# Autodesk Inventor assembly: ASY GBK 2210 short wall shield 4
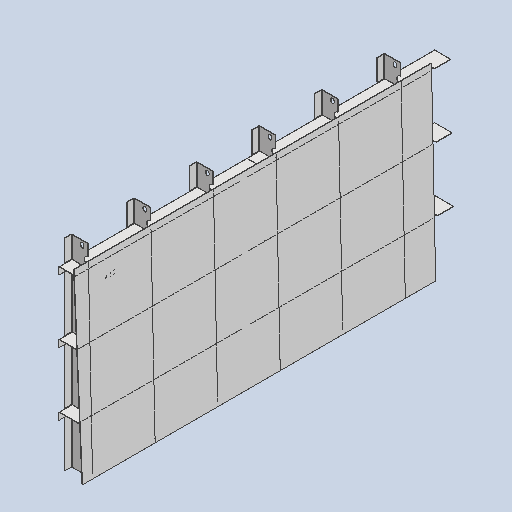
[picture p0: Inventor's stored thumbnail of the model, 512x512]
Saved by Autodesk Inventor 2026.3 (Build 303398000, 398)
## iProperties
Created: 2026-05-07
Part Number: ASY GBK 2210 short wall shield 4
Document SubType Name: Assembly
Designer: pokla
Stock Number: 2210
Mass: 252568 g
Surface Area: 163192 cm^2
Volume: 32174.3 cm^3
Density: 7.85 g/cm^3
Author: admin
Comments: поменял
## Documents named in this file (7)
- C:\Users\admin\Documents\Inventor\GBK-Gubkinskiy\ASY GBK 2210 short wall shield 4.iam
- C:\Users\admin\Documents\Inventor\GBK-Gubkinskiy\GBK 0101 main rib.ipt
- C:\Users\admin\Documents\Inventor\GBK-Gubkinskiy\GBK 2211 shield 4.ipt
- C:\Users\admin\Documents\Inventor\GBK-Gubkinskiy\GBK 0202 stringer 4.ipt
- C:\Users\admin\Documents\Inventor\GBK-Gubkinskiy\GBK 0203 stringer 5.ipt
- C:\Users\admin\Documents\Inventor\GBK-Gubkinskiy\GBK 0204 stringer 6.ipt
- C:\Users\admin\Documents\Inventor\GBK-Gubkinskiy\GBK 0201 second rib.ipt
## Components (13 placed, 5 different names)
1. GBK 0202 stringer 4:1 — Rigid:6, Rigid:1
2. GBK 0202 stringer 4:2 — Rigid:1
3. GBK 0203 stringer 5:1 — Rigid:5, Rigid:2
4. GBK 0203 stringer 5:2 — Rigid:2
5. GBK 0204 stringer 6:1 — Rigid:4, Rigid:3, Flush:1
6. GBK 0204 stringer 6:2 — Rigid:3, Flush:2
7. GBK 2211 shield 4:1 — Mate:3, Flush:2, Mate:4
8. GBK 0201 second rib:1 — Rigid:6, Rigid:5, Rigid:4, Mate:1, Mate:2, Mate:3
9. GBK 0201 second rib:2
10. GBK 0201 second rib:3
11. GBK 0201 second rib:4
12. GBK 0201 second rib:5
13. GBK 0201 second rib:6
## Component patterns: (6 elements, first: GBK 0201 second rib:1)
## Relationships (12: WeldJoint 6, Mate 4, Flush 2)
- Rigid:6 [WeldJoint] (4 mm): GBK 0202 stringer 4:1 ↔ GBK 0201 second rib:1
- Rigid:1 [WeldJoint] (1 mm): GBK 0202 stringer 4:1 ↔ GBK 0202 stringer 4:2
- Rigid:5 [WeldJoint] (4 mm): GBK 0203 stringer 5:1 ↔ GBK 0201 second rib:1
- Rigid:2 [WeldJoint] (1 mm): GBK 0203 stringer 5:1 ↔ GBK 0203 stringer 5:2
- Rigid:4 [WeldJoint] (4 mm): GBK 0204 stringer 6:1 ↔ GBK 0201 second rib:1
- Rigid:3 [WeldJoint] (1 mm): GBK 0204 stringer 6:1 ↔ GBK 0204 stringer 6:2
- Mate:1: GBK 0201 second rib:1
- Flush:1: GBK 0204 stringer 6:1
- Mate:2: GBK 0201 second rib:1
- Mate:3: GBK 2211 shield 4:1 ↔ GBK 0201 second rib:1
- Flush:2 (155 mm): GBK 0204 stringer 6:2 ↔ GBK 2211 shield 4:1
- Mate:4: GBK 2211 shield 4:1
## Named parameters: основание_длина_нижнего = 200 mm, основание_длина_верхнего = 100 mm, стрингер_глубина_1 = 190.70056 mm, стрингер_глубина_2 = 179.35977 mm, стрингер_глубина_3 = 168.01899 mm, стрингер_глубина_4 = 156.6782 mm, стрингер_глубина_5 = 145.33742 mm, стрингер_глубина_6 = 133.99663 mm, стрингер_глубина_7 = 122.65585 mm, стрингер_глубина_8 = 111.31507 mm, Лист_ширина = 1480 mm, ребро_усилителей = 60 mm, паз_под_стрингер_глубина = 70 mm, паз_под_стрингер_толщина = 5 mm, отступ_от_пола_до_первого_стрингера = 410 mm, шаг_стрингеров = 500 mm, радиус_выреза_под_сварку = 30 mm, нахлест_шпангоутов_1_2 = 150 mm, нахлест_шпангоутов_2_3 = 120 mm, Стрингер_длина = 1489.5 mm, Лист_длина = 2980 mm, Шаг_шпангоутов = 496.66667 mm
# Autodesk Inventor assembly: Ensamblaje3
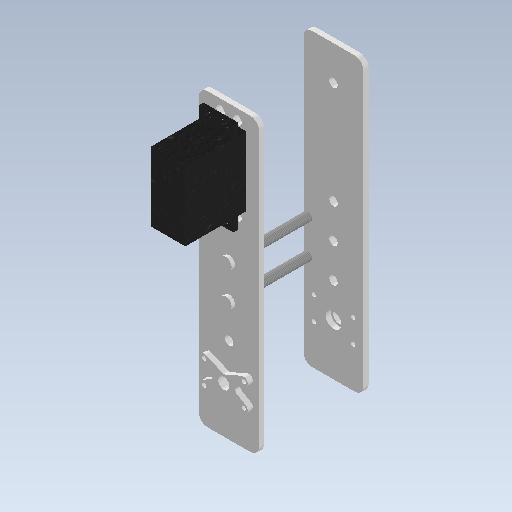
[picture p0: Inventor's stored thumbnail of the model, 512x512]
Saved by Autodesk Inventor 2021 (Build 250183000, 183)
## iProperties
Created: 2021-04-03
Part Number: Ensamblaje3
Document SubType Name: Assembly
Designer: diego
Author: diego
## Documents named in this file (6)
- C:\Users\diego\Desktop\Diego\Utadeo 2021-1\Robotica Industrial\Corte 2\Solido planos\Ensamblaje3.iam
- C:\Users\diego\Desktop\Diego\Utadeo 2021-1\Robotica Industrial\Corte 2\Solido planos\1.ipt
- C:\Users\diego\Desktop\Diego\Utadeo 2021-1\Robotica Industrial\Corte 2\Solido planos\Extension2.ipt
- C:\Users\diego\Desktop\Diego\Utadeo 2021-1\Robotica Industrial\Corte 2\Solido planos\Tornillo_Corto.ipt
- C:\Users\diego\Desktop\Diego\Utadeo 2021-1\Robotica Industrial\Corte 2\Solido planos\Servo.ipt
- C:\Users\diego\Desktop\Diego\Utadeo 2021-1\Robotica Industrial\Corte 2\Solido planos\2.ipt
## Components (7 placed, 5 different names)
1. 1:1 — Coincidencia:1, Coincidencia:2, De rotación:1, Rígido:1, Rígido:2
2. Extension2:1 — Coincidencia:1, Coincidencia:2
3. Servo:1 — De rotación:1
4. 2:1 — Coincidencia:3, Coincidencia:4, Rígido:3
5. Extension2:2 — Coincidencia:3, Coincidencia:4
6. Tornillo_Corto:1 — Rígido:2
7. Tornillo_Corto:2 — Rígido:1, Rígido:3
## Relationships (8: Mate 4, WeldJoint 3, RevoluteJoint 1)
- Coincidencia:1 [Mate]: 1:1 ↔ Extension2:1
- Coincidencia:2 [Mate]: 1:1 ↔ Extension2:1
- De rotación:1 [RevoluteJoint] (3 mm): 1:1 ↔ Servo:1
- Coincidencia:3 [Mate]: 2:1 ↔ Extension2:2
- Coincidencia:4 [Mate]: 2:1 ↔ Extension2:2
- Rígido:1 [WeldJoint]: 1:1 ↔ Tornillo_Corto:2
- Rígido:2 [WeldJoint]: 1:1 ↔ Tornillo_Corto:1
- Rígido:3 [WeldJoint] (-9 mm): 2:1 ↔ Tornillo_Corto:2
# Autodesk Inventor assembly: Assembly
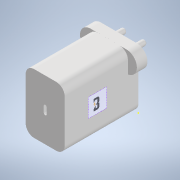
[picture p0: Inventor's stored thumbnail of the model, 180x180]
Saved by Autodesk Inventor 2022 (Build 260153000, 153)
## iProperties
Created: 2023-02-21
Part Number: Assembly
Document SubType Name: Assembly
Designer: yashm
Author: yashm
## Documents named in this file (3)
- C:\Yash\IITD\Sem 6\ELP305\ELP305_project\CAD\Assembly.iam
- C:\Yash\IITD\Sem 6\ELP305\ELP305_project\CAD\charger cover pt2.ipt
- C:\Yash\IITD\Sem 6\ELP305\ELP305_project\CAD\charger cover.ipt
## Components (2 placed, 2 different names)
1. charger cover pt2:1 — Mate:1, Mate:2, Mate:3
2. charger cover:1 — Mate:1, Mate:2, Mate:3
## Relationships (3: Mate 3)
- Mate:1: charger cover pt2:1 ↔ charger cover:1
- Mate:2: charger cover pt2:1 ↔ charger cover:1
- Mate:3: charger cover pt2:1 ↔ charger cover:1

========================

◆ **Exercise**: Give each record above back word for word, but carry over none of the pictures.

◆ **Exercise result**:
# Autodesk Inventor assembly: ASY GBK 2210 short wall shield 4
[picture p0: Inventor's stored thumbnail of the model, 512x512]
Saved by Autodesk Inventor 2026.3 (Build 303398000, 398)
## iProperties
Created: 2026-05-07
Part Number: ASY GBK 2210 short wall shield 4
Document SubType Name: Assembly
Designer: pokla
Stock Number: 2210
Mass: 252568 g
Surface Area: 163192 cm^2
Volume: 32174.3 cm^3
Density: 7.85 g/cm^3
Author: admin
Comments: поменял
## Documents named in this file (7)
- C:\Users\admin\Documents\Inventor\GBK-Gubkinskiy\ASY GBK 2210 short wall shield 4.iam
- C:\Users\admin\Documents\Inventor\GBK-Gubkinskiy\GBK 0101 main rib.ipt
- C:\Users\admin\Documents\Inventor\GBK-Gubkinskiy\GBK 2211 shield 4.ipt
- C:\Users\admin\Documents\Inventor\GBK-Gubkinskiy\GBK 0202 stringer 4.ipt
- C:\Users\admin\Documents\Inventor\GBK-Gubkinskiy\GBK 0203 stringer 5.ipt
- C:\Users\admin\Documents\Inventor\GBK-Gubkinskiy\GBK 0204 stringer 6.ipt
- C:\Users\admin\Documents\Inventor\GBK-Gubkinskiy\GBK 0201 second rib.ipt
## Components (13 placed, 5 different names)
1. GBK 0202 stringer 4:1 — Rigid:6, Rigid:1
2. GBK 0202 stringer 4:2 — Rigid:1
3. GBK 0203 stringer 5:1 — Rigid:5, Rigid:2
4. GBK 0203 stringer 5:2 — Rigid:2
5. GBK 0204 stringer 6:1 — Rigid:4, Rigid:3, Flush:1
6. GBK 0204 stringer 6:2 — Rigid:3, Flush:2
7. GBK 2211 shield 4:1 — Mate:3, Flush:2, Mate:4
8. GBK 0201 second rib:1 — Rigid:6, Rigid:5, Rigid:4, Mate:1, Mate:2, Mate:3
9. GBK 0201 second rib:2
10. GBK 0201 second rib:3
11. GBK 0201 second rib:4
12. GBK 0201 second rib:5
13. GBK 0201 second rib:6
## Component patterns: (6 elements, first: GBK 0201 second rib:1)
## Relationships (12: WeldJoint 6, Mate 4, Flush 2)
- Rigid:6 [WeldJoint] (4 mm): GBK 0202 stringer 4:1 ↔ GBK 0201 second rib:1
- Rigid:1 [WeldJoint] (1 mm): GBK 0202 stringer 4:1 ↔ GBK 0202 stringer 4:2
- Rigid:5 [WeldJoint] (4 mm): GBK 0203 stringer 5:1 ↔ GBK 0201 second rib:1
- Rigid:2 [WeldJoint] (1 mm): GBK 0203 stringer 5:1 ↔ GBK 0203 stringer 5:2
- Rigid:4 [WeldJoint] (4 mm): GBK 0204 stringer 6:1 ↔ GBK 0201 second rib:1
- Rigid:3 [WeldJoint] (1 mm): GBK 0204 stringer 6:1 ↔ GBK 0204 stringer 6:2
- Mate:1: GBK 0201 second rib:1
- Flush:1: GBK 0204 stringer 6:1
- Mate:2: GBK 0201 second rib:1
- Mate:3: GBK 2211 shield 4:1 ↔ GBK 0201 second rib:1
- Flush:2 (155 mm): GBK 0204 stringer 6:2 ↔ GBK 2211 shield 4:1
- Mate:4: GBK 2211 shield 4:1
## Named parameters: основание_длина_нижнего = 200 mm, основание_длина_верхнего = 100 mm, стрингер_глубина_1 = 190.70056 mm, стрингер_глубина_2 = 179.35977 mm, стрингер_глубина_3 = 168.01899 mm, стрингер_глубина_4 = 156.6782 mm, стрингер_глубина_5 = 145.33742 mm, стрингер_глубина_6 = 133.99663 mm, стрингер_глубина_7 = 122.65585 mm, стрингер_глубина_8 = 111.31507 mm, Лист_ширина = 1480 mm, ребро_усилителей = 60 mm, паз_под_стрингер_глубина = 70 mm, паз_под_стрингер_толщина = 5 mm, отступ_от_пола_до_первого_стрингера = 410 mm, шаг_стрингеров = 500 mm, радиус_выреза_под_сварку = 30 mm, нахлест_шпангоутов_1_2 = 150 mm, нахлест_шпангоутов_2_3 = 120 mm, Стрингер_длина = 1489.5 mm, Лист_длина = 2980 mm, Шаг_шпангоутов = 496.66667 mm
# Autodesk Inventor assembly: Ensamblaje3
[picture p0: Inventor's stored thumbnail of the model, 512x512]
Saved by Autodesk Inventor 2021 (Build 250183000, 183)
## iProperties
Created: 2021-04-03
Part Number: Ensamblaje3
Document SubType Name: Assembly
Designer: diego
Author: diego
## Documents named in this file (6)
- C:\Users\diego\Desktop\Diego\Utadeo 2021-1\Robotica Industrial\Corte 2\Solido planos\Ensamblaje3.iam
- C:\Users\diego\Desktop\Diego\Utadeo 2021-1\Robotica Industrial\Corte 2\Solido planos\1.ipt
- C:\Users\diego\Desktop\Diego\Utadeo 2021-1\Robotica Industrial\Corte 2\Solido planos\Extension2.ipt
- C:\Users\diego\Desktop\Diego\Utadeo 2021-1\Robotica Industrial\Corte 2\Solido planos\Tornillo_Corto.ipt
- C:\Users\diego\Desktop\Diego\Utadeo 2021-1\Robotica Industrial\Corte 2\Solido planos\Servo.ipt
- C:\Users\diego\Desktop\Diego\Utadeo 2021-1\Robotica Industrial\Corte 2\Solido planos\2.ipt
## Components (7 placed, 5 different names)
1. 1:1 — Coincidencia:1, Coincidencia:2, De rotación:1, Rígido:1, Rígido:2
2. Extension2:1 — Coincidencia:1, Coincidencia:2
3. Servo:1 — De rotación:1
4. 2:1 — Coincidencia:3, Coincidencia:4, Rígido:3
5. Extension2:2 — Coincidencia:3, Coincidencia:4
6. Tornillo_Corto:1 — Rígido:2
7. Tornillo_Corto:2 — Rígido:1, Rígido:3
## Relationships (8: Mate 4, WeldJoint 3, RevoluteJoint 1)
- Coincidencia:1 [Mate]: 1:1 ↔ Extension2:1
- Coincidencia:2 [Mate]: 1:1 ↔ Extension2:1
- De rotación:1 [RevoluteJoint] (3 mm): 1:1 ↔ Servo:1
- Coincidencia:3 [Mate]: 2:1 ↔ Extension2:2
- Coincidencia:4 [Mate]: 2:1 ↔ Extension2:2
- Rígido:1 [WeldJoint]: 1:1 ↔ Tornillo_Corto:2
- Rígido:2 [WeldJoint]: 1:1 ↔ Tornillo_Corto:1
- Rígido:3 [WeldJoint] (-9 mm): 2:1 ↔ Tornillo_Corto:2
# Autodesk Inventor assembly: Assembly
[picture p0: Inventor's stored thumbnail of the model, 180x180]
Saved by Autodesk Inventor 2022 (Build 260153000, 153)
## iProperties
Created: 2023-02-21
Part Number: Assembly
Document SubType Name: Assembly
Designer: yashm
Author: yashm
## Documents named in this file (3)
- C:\Yash\IITD\Sem 6\ELP305\ELP305_project\CAD\Assembly.iam
- C:\Yash\IITD\Sem 6\ELP305\ELP305_project\CAD\charger cover pt2.ipt
- C:\Yash\IITD\Sem 6\ELP305\ELP305_project\CAD\charger cover.ipt
## Components (2 placed, 2 different names)
1. charger cover pt2:1 — Mate:1, Mate:2, Mate:3
2. charger cover:1 — Mate:1, Mate:2, Mate:3
## Relationships (3: Mate 3)
- Mate:1: charger cover pt2:1 ↔ charger cover:1
- Mate:2: charger cover pt2:1 ↔ charger cover:1
- Mate:3: charger cover pt2:1 ↔ charger cover:1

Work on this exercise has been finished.